The “slicer” window of 3dmod was used to orient and position the axis of each MT collinear with the vertical axis of the viewing window. The slicer window was then tipped 90° about the horizontal axis, so the MT was viewed in cross section. From this orientation, the origin of the coordinate system could be placed at the center of the MT with considerable precision. Now the slicer window was returned to an orientation parallel to the MT axis, and a 2–4-nm-thick sampling lamina was rotated about this axis, displaying the MT walls on either side of the rotation axis at each azimuthal orientation25. A contour was drawn on each PF, both where it ran straight along the MT wall and where it curved outward from the MT axis. Any place along a possible PF that showed a sharp change in curvature (e.g., 90° in a few pixels) or an obvious change in either thickness or density of stain was interpreted as some non-tubulin material associated with that PF, rather than a continuation of the PF. PFs were sought at azimuthal angles separated by ~27° (360/13), since MTs grown from axonemes contain 13 PFs. If no curving PF was found at an orientation where a PF should be, this position in the MT circumference was represented by a straight line, drawn in the MT wall. The set of all such traces depicted the structure of each MT end. We could never sample the full MT perimeter because of the limited range of tilt angles available for single-axis electron tomography, which results in a “missing wedge” of data. This feature of our imaging procedure increased the point-spread function in the direction along the beam axis, making resolution anisotropic78. Nonetheless, we were able to trace 4–10 PFs on most MTs, yielding a clear characterization of their ends.

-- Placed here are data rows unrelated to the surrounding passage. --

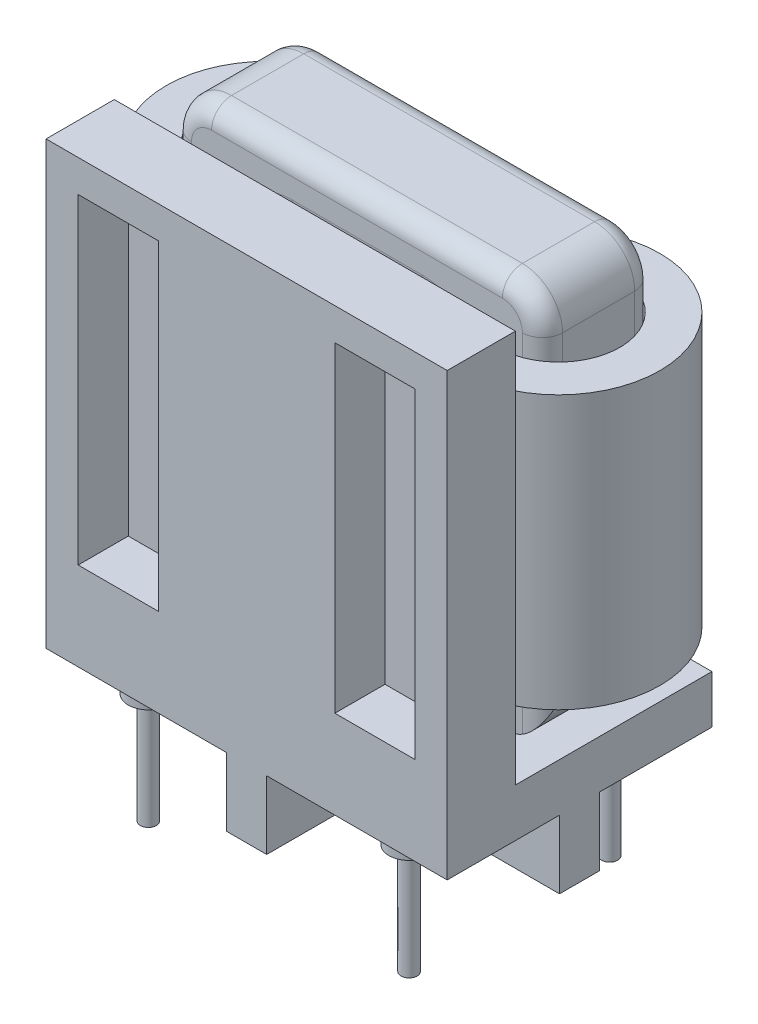
SolidWorks part; units mm, degrees
ref_plane "Front Plane" through (0, 0, 0) normal (0, 0, 1) x (1, 0, 0)
ref_plane "Top Plane" through (0, 0, 0) normal (0, 1, 0) x (1, 0, 0)
ref_plane "Right Plane" through (0, 0, 0) normal (1, 0, 0) x (0, 0, -1)
sketch "Sketch1" plane through (0, 0, 0) normal (0, 1, 0) x (1, 0, 0)
  line L1 (10, -1) -> (-10, -1)
  line L2 (10, -1) -> (10, 1)
  line L3 (10, 1) -> (-10, 1)
  line L4 (-10, -1) -> (-10, 1)
  line L5 (10, -1) -> (-10, 1) construction
  line L6 (10, 1) -> (-10, -1) construction
  line L7 (1, -6.6) -> (-1, -6.6)
  line L8 (1, -6.6) -> (1, 6.6)
  line L9 (1, 6.6) -> (-1, 6.6)
  line L10 (-1, -6.6) -> (-1, 6.6)
  line L11 (1, -6.6) -> (-1, 6.6) construction
  line L12 (1, 6.6) -> (-1, -6.6) construction
  point P0 (0, 0)
  point P6 (0, 0)
  dimension "D1" = 13.2
  dimension "D2" = 2
  dimension "D3" = 20
extrude "Boss-Extrude1" add sketch "Sketch1" along normal blind 3.4 contours L1 L10 L3 L4 | L10 L1 L8 L3 | L10 L3 L8 L9 | L10 L7 L8 L1 | L8 L1 L2 L3 region at (5.5, 0, 0) region at (0, 0, 3.8) region at (0, 0, 0) region at (-5.5, 0, 0) region at (0, 0, -3.8)
sketch "Sketch2" plane through (0, 3.4, 0) normal (0, 1, 0) x (1, 0, 0)
  line L0 (-10, 1) -> (-10, -49999) construction
  line L1 (-1, 6.6) -> (49999, 6.6) construction
  line L2 (-1, -6.6) -> (49999, -6.6) construction
  line L3 (10, -1) -> (10, 49999) construction
  line L5 (-10, 6.6) -> (10, 6.6)
  line L6 (-10, 6.6) -> (-10, -6.6)
  line L7 (-10, -6.6) -> (10, -6.6)
  line L8 (10, 6.6) -> (10, -6.6)
extrude "Boss-Extrude2" add sketch "Sketch2" along normal blind 2.4
sketch "Sketch3" plane through (0, 3.4, 0) normal (0, -1, 0) x (1, 0, 0)
  line L1 (6.5, 5) -> (-6.5, 5) construction
  line L2 (6.5, 5) -> (6.5, -5) construction
  line L3 (6.5, -5) -> (-6.5, -5) construction
  line L4 (-6.5, 5) -> (-6.5, -5) construction
  circle A0 centre (6.5, 5) radius 0.4
  circle A1 centre (-6.5, 5) radius 0.4
  circle A2 centre (-6.5, -5) radius 0.4
  circle A3 centre (6.5, -5) radius 0.4
  point P8 (0, -5)
  point P10 (6.5, 0)
  dimension "D3" = 0.8
  dimension "D1" = 13
  dimension "D2" = 10
extrude "Boss-Extrude3" add sketch "Sketch3" along normal blind 6.5
sketch "Sketch4" plane through (0, 3.4, 0) normal (0, -1, 0) x (1, 0, 0)
  circle A0 centre (6.5, 5) radius 1
  circle A1 centre (-6.5, 5) radius 1
  circle A2 centre (-6.5, -5) radius 1
  circle A3 centre (6.5, -5) radius 1
  dimension "D1" = 2
extrude "Boss-Extrude4" add sketch "Sketch4" along normal blind 1
sketch "Sketch5" plane through (0, 0, 6.6) normal (0, 0, 1) x (1, 0, 0)
  line L0 (10, 5.8) -> (10, 3.4) construction
  line L1 (-10, 5.8) -> (10, 5.8)
  line L2 (-10, 5.8) -> (-10, 25.4)
  line L3 (-10, 25.4) -> (10, 25.4)
  line L4 (10, 5.8) -> (10, 25.4)
  line L5 (1, 3.4) -> (10, 3.4) construction
  line L7 (-8.4, 23.8) -> (-4.4, 23.8)
  line L8 (-8.4, 23.8) -> (-8.4, 7.8)
  line L9 (-8.4, 7.8) -> (-4.4, 7.8)
  line L10 (-4.4, 23.8) -> (-4.4, 7.8)
  line L11 (8.4, 23.8) -> (4.4, 23.8)
  line L12 (8.4, 23.8) -> (8.4, 7.8)
  line L13 (8.4, 7.8) -> (4.4, 7.8)
  line L14 (4.4, 23.8) -> (4.4, 7.8)
  dimension "D1" = 22
  dimension "D2" = 16
  dimension "D3" = 4
  dimension "D4" = 1.6
  dimension "D5" = 1.6
  dimension "D6" = 1.6
extrude "Boss-Extrude5" add sketch "Sketch5" against normal blind 3.4
extrude "Boss-Extrude6" add sketch "Sketch5<2>" against normal up to surface (3.4 mm away) from offset 2.5 contours L10 L7 L8 L9 | L11 L14 L13 L12 region at (-6.4, 15.8, 6.6) region at (6.4, 15.8, 6.6) up to face at (6.4, 15.8, 3.2) offset against normal yes
sketch "Sketch5<2>" plane through (0, 0, 6.6) normal (0, 0, 1) x (1, 0, 0) same geometry as "Sketch5"
ref_plane "Plane1" through (0, 0, -1.7) normal (0, 0, -1) x (-1, 0, 0)
sketch "Sketch6" plane through (0, 0, -1.7) normal (0, 0, -1) x (-1, 0, 0)
  line L0 (10, 5.8) -> (-10, 5.8) construction
  line L1 (-7.25, 25.4) -> (7.25, 25.4)
  line L2 (-9.25, 23.4) -> (-9.25, 7.8)
  line L3 (-7.25, 5.8) -> (7.25, 5.8)
  line L4 (9.25, 23.4) -> (9.25, 7.8)
  line L5 (-10, 25.4) -> (10, 25.4) construction
  line L7 (-3.25, 22.4) -> (3.25, 22.4)
  line L8 (-5.25, 20.4) -> (-5.25, 10.8)
  line L9 (-3.25, 8.8) -> (3.25, 8.8)
  line L10 (5.25, 20.4) -> (5.25, 10.8)
  arc A0 (7.25, 25.4) -> (9.25, 23.4) centre (7.25, 23.4) cw
  arc A1 (7.25, 5.8) -> (9.25, 7.8) centre (7.25, 7.8) ccw
  arc A2 (-9.25, 7.8) -> (-7.25, 5.8) centre (-7.25, 7.8) ccw
  arc A3 (-7.25, 25.4) -> (-9.25, 23.4) centre (-7.25, 23.4) ccw
  arc A4 (-5.25, 10.8) -> (-3.25, 8.8) centre (-3.25, 10.8) ccw
  arc A5 (3.25, 8.8) -> (5.25, 10.8) centre (3.25, 10.8) ccw
  arc A6 (3.25, 22.4) -> (5.25, 20.4) centre (3.25, 20.4) cw
  arc A7 (-3.25, 22.4) -> (-5.25, 20.4) centre (-3.25, 20.4) ccw
  point P4 (0, 25.4)
  point P12 (9.25, 25.4)
  point P19 (-9.25, 25.4)
  dimension "D2" = 2
  dimension "D7" = 2
  dimension "D1" = 18.5
  dimension "D3" = 3
  dimension "D4" = 4
  dimension "D5" = 4
  dimension "D6" = 3
extrude "Boss-Extrude7" add sketch "Sketch6" along normal blind 2.8 and the other way blind 2.8
fillet "Fillet1" radius 1 8 edges at (4.6642, 9.3858, -4.5) (0, 8.8, -4.5) (-4.6642, 9.3858, -4.5) (-5.25, 15.6, -4.5) (-4.6642, 21.8142, -4.5) (0, 22.4, -4.5) (4.6642, 21.8142, -4.5) (5.25, 15.6, -4.5)
fillet "Fillet2" radius 1 8 edges at (0, 8.8, 1.1) (4.6642, 9.3858, 1.1) (5.25, 15.6, 1.1) (4.6642, 21.8142, 1.1) (0, 22.4, 1.1) (-4.6642, 21.8142, 1.1) (-5.25, 15.6, 1.1) (-4.6642, 9.3858, 1.1)
fillet "Fillet3" radius 1 10 edges at (-9.25, 15.6, 1.1) (-8.6642, 24.8142, 1.1) (9.25, 15.6, 1.1) (8.6642, 24.8142, 1.1) (0, 25.4, 1.1) (-9.25, 15.6, -4.5) (-8.6642, 24.8142, -4.5) (0, 25.4, -4.5) (9.25, 15.6, -4.5) (8.6642, 24.8142, -4.5) tangent propagation no
sketch "Sketch7" plane through (0, 8.8, 0) normal (0, 1, 0) x (1, 0, 0)
  line L0 (-9.25, -0.1) -> (-9.25, 3.5) construction
  line L1 (-9.25, -0.1) -> (-9.25, 3.5) construction
  line L2 (-5.25, -0.1) -> (-5.25, 3.5) construction
  line L3 (-5.25, -0.1) -> (-5.25, 3.5) construction
  line L4 (-9.25, 3.5) -> (-5.25, -0.1) construction
  line L5 (5.25, -0.1) -> (5.25, 3.5) construction
  line L6 (9.25, -0.1) -> (9.25, 3.5) construction
  line L7 (5.25, -0.1) -> (5.25, 3.5) construction
  line L8 (9.25, -0.1) -> (9.25, 3.5) construction
  line L9 (5.25, 3.5) -> (9.25, -0.1) construction
  circle A0 centre (-7.25, 1.7) radius 3.0591
  arc A1 (-5.25, 3.5) -> (-6.25, 4.5) centre (-6.25, 3.5) ccw construction
  arc A2 (-5.25, 3.5) -> (-6.25, 4.5) centre (-6.25, 3.5) ccw construction
  circle A3 centre (7.25, 1.7) radius 3.0591
  circle A4 centre (-7.25, 1.7) radius 5.0591
  circle A5 centre (7.25, 1.7) radius 5.0591
  dimension "D1" = 2
extrude "Boss-Extrude10" add sketch "Sketch7" along normal up to surface (13.6 mm away) separate body up to face at (0, 22.4, -1.7)

Drawing graphic objects whose structures accurately reflected the shape of the flaring PFs at the ends of MTs was sometimes straightforward, sometimes difficult. The low signal-to-noise of the low-dose images meant that tracking was sometimes a challenge, particularly at high angles of tilt, where the increase in point-spread along the Z-axis leads to a broadening of each image element in that direction. We have previously assessed the accuracy of our traces in several ways, as described in McIntosh et al.25. While there may be errors in our traces, the consistency of our methods should make comparisons between the ends of MTs grown under different conditions quite reliable.

Analysis of PF traces

Coordinates of traced PFs were processed with a custom Matlab 2017 script25 to extract PF curl lengths, average curvature and two additional characteristics: raggedness of MT tips and correlations between adjacent PF lengths and curvatures. Coordinates of simulated PFs were treated in the same manner for consistency.